Division of Chemistry & Biological Chemistry, School of Physical and Mathematical Sciences, Nanyang Technological University, Singapore 637371, Singapore.
Chemistry. 2013 Jun 17;19(25):8227-35. doi: 10.1002/chem.201300824. Epub 2013 Apr 29.
Graphene, a class of two-dimensional carbon nanomaterial, has attracted extensive interest in recent years, with a significant amount of research focusing on graphene oxides (GOs). They have been primed as potential candidates for biomedical applications such as cell labeling and drug delivery, thus the toxicity and behavior of graphene oxides in biological systems are fundamental issues that need urgent attention. The production of GO is generally achieved through a top-down route, which includes the usage of concentrated H₂SO₄ along with: 1) concentrated nitric acid and KClO₃ oxidant (Hoffmann); 2) fuming nitric acid and KClO₃ oxidant (Staudenmaier); 3) concentrated phosphoric acid with KMnO₄ (Tour); or 4) sodium nitrate for in-situ production of nitric acid in the presence of KMnO₄ (Hummers).

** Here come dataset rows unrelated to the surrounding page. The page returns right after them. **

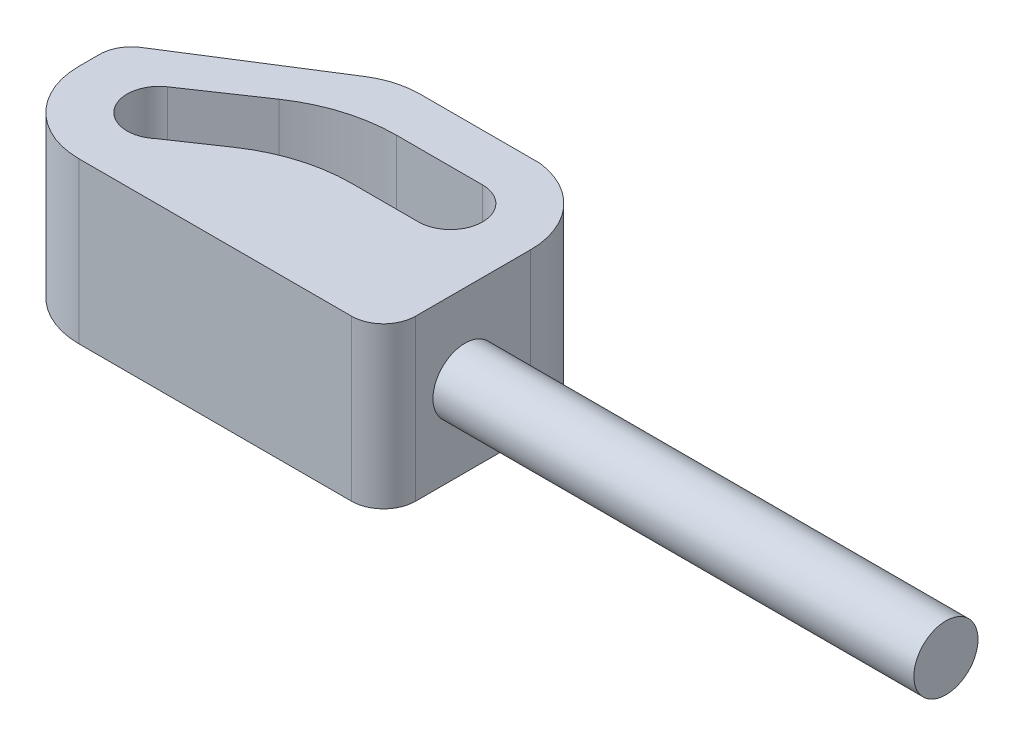
from build123d import *

# Parameters (mm, degrees)
BOSS_EXTRUDE1_DEPTH = 10
SKETCH2_R           = 2
BOSS_EXTRUDE2_DEPTH = 30


with BuildPart() as part:
    # Sketch1 → Boss-Extrude1 (new body)
    with BuildSketch(Plane(origin=(0, 0, 0), x_dir=(1, 0, 0), z_dir=(0, 1, 0))):
        with BuildLine():
            Line((-4.915670141, -9.915670141), (12.084329859, -9.915670141))
            ThreePointArc((12.084329859, -9.915670141), (13.498543421, -9.329883704), (14.084329859, -7.915670141))
            Line((14.084329859, -7.915670141), (14.084329859, -0.738316599))
            ThreePointArc((14.084329859, -0.738316599), (12.841308154, 2.560943028), (9.730284223, 4.219782125))
            Line((9.730284223, 4.219782125), (2.224360471, 4.219782125))
            ThreePointArc((2.224360471, 4.219782125), (0.833058018, 4.022310364), (-0.448347257, 3.445493118))
            Line((-0.448347257, 3.445493118), (-8.984753233, -1.953673617))
            ThreePointArc((-8.984753233, -1.953673617), (-9.667550015, -2.67911766), (-9.915670141, -3.643958014))
            Line((-9.915670141, -3.643958014), (-9.915670141, -4.915670141))
            ThreePointArc((-9.915670141, -4.915670141), (-8.451204047, -8.451204047), (-4.915670141, -9.915670141))
        make_face()
        with BuildLine():
            Line((-6.036927005, -3.259535169), (-1.898433993, -0.45764174))
            ThreePointArc((-1.898433993, -0.45764174), (0.775850036, 0.822194595), (3.707850327, 1.261683401))
            Line((3.707850327, 1.261683401), (9.084329859, 1.261683401))
            ThreePointArc((9.084329859, 1.261683401), (11.084329859, -0.738316599), (9.084329859, -2.738316599))
            Line((9.084329859, -2.738316599), (4.908888201, -2.738316599))
            ThreePointArc((4.908888201, -2.738316599), (1.976887911, -3.177805405), (-0.697396118, -4.45764174))
            Line((-0.697396118, -4.45764174), (-3.604145519, -6.425604963))
            ThreePointArc((-3.604145519, -6.425604963), (-6.501561039, -6.134255412), (-6.036927005, -3.259535169))
        make_face(mode=Mode.SUBTRACT)
    extrude(amount=BOSS_EXTRUDE1_DEPTH)

    # Sketch2 → Boss-Extrude2 (add)
    with BuildSketch(Plane(origin=(14.084329859, 0, 0), x_dir=(0, 0, -1), z_dir=(1, 0, 0))):
        with Locations(Location((-4.833857575, 5, 0), (0, 0, 180))):
            Circle(SKETCH2_R)
    extrude(amount=BOSS_EXTRUDE2_DEPTH)


solid = part.part

It has been widely assumed that the properties of these four GOs produced by using the above different methods are roughly similar, so the methods have been used interchangeably. However, several studies have reported that the toxicity of graphene-related nanomaterials in biological systems may be influenced by their physiochemical properties, such as surface functional groups and structural defects. In addition, considering how GOs are increasingly used in the field of biomedicine, we are interested to see how the oxygen content/functional groups of GOs can impact their toxicological profiles. Since in-vitro testing is a common first step in assessing the health risks related with engineered nanomaterials, the cytotoxicity of the GOs prepared by the four different oxidative treatments was investigated by measuring the mitochondrial activity in adherent lung epithelial cells (A549) by using commercially available viability assays. The dose-response data was generated by using two assays, the methylthiazolyldiphenyl-tetrazolium bromide (MTT) assay and the water-soluble tetrazolium salt (WST-8). From the viability data, it is evident that there is a strong dose-dependent cytotoxic response resulting from the four GO nanomaterials tested after a 24 h exposure, and it is suggested that there is a correlation between the amounts of oxygen content/functional groups of GOs with their toxicological behavior towards the A549 cells.
石墨烯是一种二维碳纳米材料,近年来引起了广泛的关注,大量研究集中在氧化石墨烯(GO)上。它们已被视为生物医学应用的潜在候选材料,如细胞标记和药物输送,因此氧化石墨烯在生物系统中的毒性和行为是需要紧急关注的基本问题。GO 的生产通常采用自上而下的方法,包括使用浓 H₂SO₄ 以及:1)浓硝酸和 KClO₃ 氧化剂(Hoffmann);2)发烟硝酸和 KClO₃ 氧化剂(Staudenmaier);3)浓磷酸和 KMnO₄(Tour);或 4)在存在 KMnO₄ 的情况下用硝酸钠原位生产硝酸(Hummers)。人们普遍认为,使用上述不同方法生产的这四种 GO 的性质大致相似,因此这些方法可以互换使用。然而,有几项研究报告称,生物系统中与石墨烯相关的纳米材料的毒性可能受到其物理化学性质的影响,例如表面官能团和结构缺陷。此外,考虑到 GO 在生物医学领域的应用日益广泛,我们很想知道 GO 中的氧含量/官能团如何影响其毒理学特征。由于体外测试是评估工程纳米材料相关健康风险的常见第一步,因此通过使用市售的活力测定法测量贴壁肺上皮细胞(A549)中的线粒体活性来研究通过四种不同氧化处理制备的 GO 的细胞毒性。通过使用两种测定法,即甲基噻唑二苯基四唑溴化物(MTT)测定法和水溶性四唑盐(WST-8),生成剂量-反应数据。从活力数据可以明显看出,在 24 小时暴露后,四种 GO 纳米材料测试均表现出强烈的剂量依赖性细胞毒性反应,并且 GO 中的氧含量/官能团的数量与其对 A549 细胞的毒理学行为之间存在相关性。